だからこそ、強い言葉と態度で貶めようとしていた。
(でも……)
よく考えてみれば、あんなふうに責められる覚えはまったくない。むしろ文句を言いたいのはこちらの方だと、今さらながら怒りがこみ上げる。
「むしろ僅かに残っていた、幼馴染としての情さえもさっぱり消えました」
思わずそう口にしていた。
それに、アレクがこの件に関して罪悪感を持つ必要など、まったくないのだ。
けれど目の前でラネが罵られているところを見たアレクは、そう簡単に切り替えることができないようだ。

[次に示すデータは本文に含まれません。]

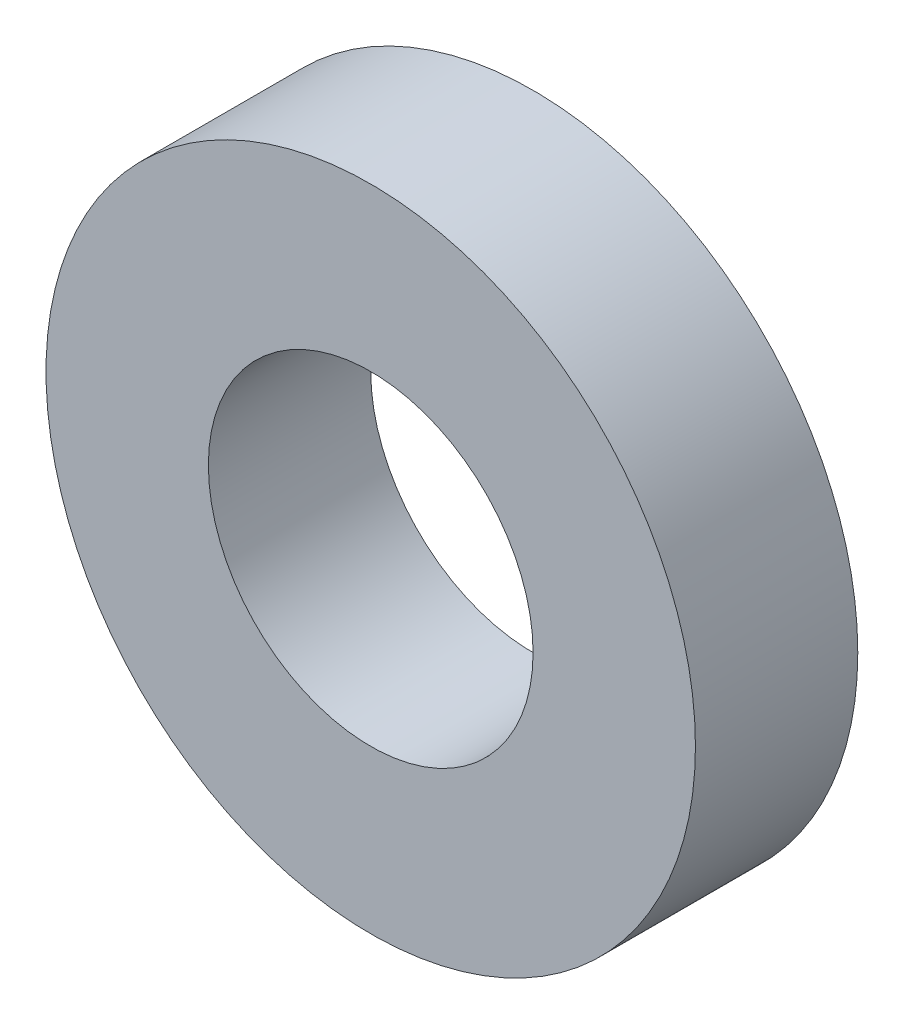
ISO-10303-21;
HEADER;
FILE_DESCRIPTION(('STEP AP214'),'2;1');
FILE_NAME('part.step','',(''),(''),'','','');
FILE_SCHEMA(('AUTOMOTIVE_DESIGN { 1 0 10303 214 1 1 1 1 }'));
ENDSEC;
DATA;
#1=APPLICATION_CONTEXT('core data for automotive mechanical design processes');
#2=APPLICATION_PROTOCOL_DEFINITION('international standard','automotive_design',2000,#1);
#3=PRODUCT_CONTEXT('',#1,'mechanical');
#4=PRODUCT('Part','Part','',(#3));
#5=PRODUCT_RELATED_PRODUCT_CATEGORY('part','',(#4));
#6=PRODUCT_DEFINITION_FORMATION('','',#4);
#7=PRODUCT_DEFINITION_CONTEXT('part definition',#1,'design');
#8=PRODUCT_DEFINITION('design','',#6,#7);
#9=PRODUCT_DEFINITION_SHAPE('','',#8);
#10=(LENGTH_UNIT() NAMED_UNIT(*) SI_UNIT(.MILLI.,.METRE.));
#11=(NAMED_UNIT(*) PLANE_ANGLE_UNIT() SI_UNIT($,.RADIAN.));
#12=(NAMED_UNIT(*) SI_UNIT($,.STERADIAN.) SOLID_ANGLE_UNIT());
#13=UNCERTAINTY_MEASURE_WITH_UNIT(LENGTH_MEASURE(1.E-05),#10,'distance_accuracy_value','');
#14=(GEOMETRIC_REPRESENTATION_CONTEXT(3) GLOBAL_UNCERTAINTY_ASSIGNED_CONTEXT((#13)) GLOBAL_UNIT_ASSIGNED_CONTEXT((#10,
#11,#12)) REPRESENTATION_CONTEXT('',''));
#15=CARTESIAN_POINT('',(0.,0.,0.));
#16=DIRECTION('',(0.,0.,1.));
#17=DIRECTION('',(1.,0.,0.));
#18=AXIS2_PLACEMENT_3D('',#15,#16,#17);
#19=CARTESIAN_POINT('',(0.,0.,3.175));
#20=DIRECTION('',(0.,0.,1.));
#21=DIRECTION('',(1.,0.,0.));
#22=AXIS2_PLACEMENT_3D('',#19,#20,#21);
#23=PLANE('',#22);
#24=CARTESIAN_POINT('',(0.,0.,3.175));
#25=DIRECTION('',(0.,0.,1.));
#26=DIRECTION('',(1.,0.,0.));
#27=AXIS2_PLACEMENT_3D('',#24,#25,#26);
#28=CIRCLE('',#27,6.35);
#29=CARTESIAN_POINT('',(6.35,0.,3.175));
#30=VERTEX_POINT('',#29);
#31=EDGE_CURVE('E10',#30,#30,#28,.T.);
#32=ORIENTED_EDGE('',*,*,#31,.T.);
#33=EDGE_LOOP('',(#32));
#34=FACE_BOUND('',#33,.T.);
#35=CARTESIAN_POINT('',(0.,0.,3.175));
#36=DIRECTION('',(0.,0.,1.));
#37=DIRECTION('',(1.,0.,0.));
#38=AXIS2_PLACEMENT_3D('',#35,#36,#37);
#39=CIRCLE('',#38,3.175);
#40=CARTESIAN_POINT('',(3.175,0.,3.175));
#41=VERTEX_POINT('',#40);
#42=EDGE_CURVE('E43',#41,#41,#39,.T.);
#43=ORIENTED_EDGE('',*,*,#42,.F.);
#44=EDGE_LOOP('',(#43));
#45=FACE_BOUND('',#44,.T.);
#46=ADVANCED_FACE('F32',(#34,#45),#23,.T.);
#47=CARTESIAN_POINT('',(0.,0.,0.));
#48=DIRECTION('',(0.,0.,1.));
#49=DIRECTION('',(1.,0.,0.));
#50=AXIS2_PLACEMENT_3D('',#47,#48,#49);
#51=PLANE('',#50);
#52=CARTESIAN_POINT('',(0.,0.,0.));
#53=DIRECTION('',(0.,0.,1.));
#54=DIRECTION('',(1.,0.,0.));
#55=AXIS2_PLACEMENT_3D('',#52,#53,#54);
#56=CIRCLE('',#55,6.35);
#57=CARTESIAN_POINT('',(6.35,0.,0.));
#58=VERTEX_POINT('',#57);
#59=EDGE_CURVE('E36',#58,#58,#56,.T.);
#60=ORIENTED_EDGE('',*,*,#59,.F.);
#61=EDGE_LOOP('',(#60));
#62=FACE_BOUND('',#61,.T.);
#63=CARTESIAN_POINT('',(0.,0.,0.));
#64=DIRECTION('',(0.,0.,1.));
#65=DIRECTION('',(1.,0.,0.));
#66=AXIS2_PLACEMENT_3D('',#63,#64,#65);
#67=CIRCLE('',#66,3.175);
#68=CARTESIAN_POINT('',(3.175,0.,0.));
#69=VERTEX_POINT('',#68);
#70=EDGE_CURVE('E45',#69,#69,#67,.T.);
#71=ORIENTED_EDGE('',*,*,#70,.T.);
#72=EDGE_LOOP('',(#71));
#73=FACE_BOUND('',#72,.T.);
#74=ADVANCED_FACE('F55',(#62,#73),#51,.F.);
#75=CARTESIAN_POINT('',(0.,0.,3.175));
#76=DIRECTION('',(0.,0.,-1.));
#77=DIRECTION('',(-1.,0.,0.));
#78=AXIS2_PLACEMENT_3D('',#75,#76,#77);
#79=CYLINDRICAL_SURFACE('',#78,6.35);
#80=ORIENTED_EDGE('',*,*,#31,.F.);
#81=EDGE_LOOP('',(#80));
#82=FACE_BOUND('',#81,.T.);
#83=ORIENTED_EDGE('',*,*,#59,.T.);
#84=EDGE_LOOP('',(#83));
#85=FACE_BOUND('',#84,.T.);
#86=ADVANCED_FACE('F34',(#82,#85),#79,.T.);
#87=CARTESIAN_POINT('',(0.,0.,3.175));
#88=DIRECTION('',(0.,0.,-1.));
#89=DIRECTION('',(-1.,0.,0.));
#90=AXIS2_PLACEMENT_3D('',#87,#88,#89);
#91=CYLINDRICAL_SURFACE('',#90,3.175);
#92=ORIENTED_EDGE('',*,*,#42,.T.);
#93=EDGE_LOOP('',(#92));
#94=FACE_BOUND('',#93,.T.);
#95=ORIENTED_EDGE('',*,*,#70,.F.);
#96=EDGE_LOOP('',(#95));
#97=FACE_BOUND('',#96,.T.);
#98=ADVANCED_FACE('F51',(#94,#97),#91,.F.);
#99=CLOSED_SHELL('',(#46,#74,#86,#98));
#100=MANIFOLD_SOLID_BREP('B2',#99);
#101=ADVANCED_BREP_SHAPE_REPRESENTATION('',(#18,#100),#14);
#102=SHAPE_DEFINITION_REPRESENTATION(#9,#101);
ENDSEC;
END-ISO-10303-21;

「エイダ―に伝えたいことがあると言っていた。何を伝えたかったんだ?」
「それは……」
アレクにエイダ―に会わせると言ってもらったときから、心に決めていた言葉があった
彼と言葉を交わすのも、会うのも、これで最後だから。
「……結婚おめでとう。お幸せに。そして、さようなら」
ラネは困ったように笑う。
「そう言いたかったんです」
伝えたかったのは、決別の言葉。
もうエイダ―に対する恋心はないが、五年間分の想いを忘れるために必要だと思ったのだ。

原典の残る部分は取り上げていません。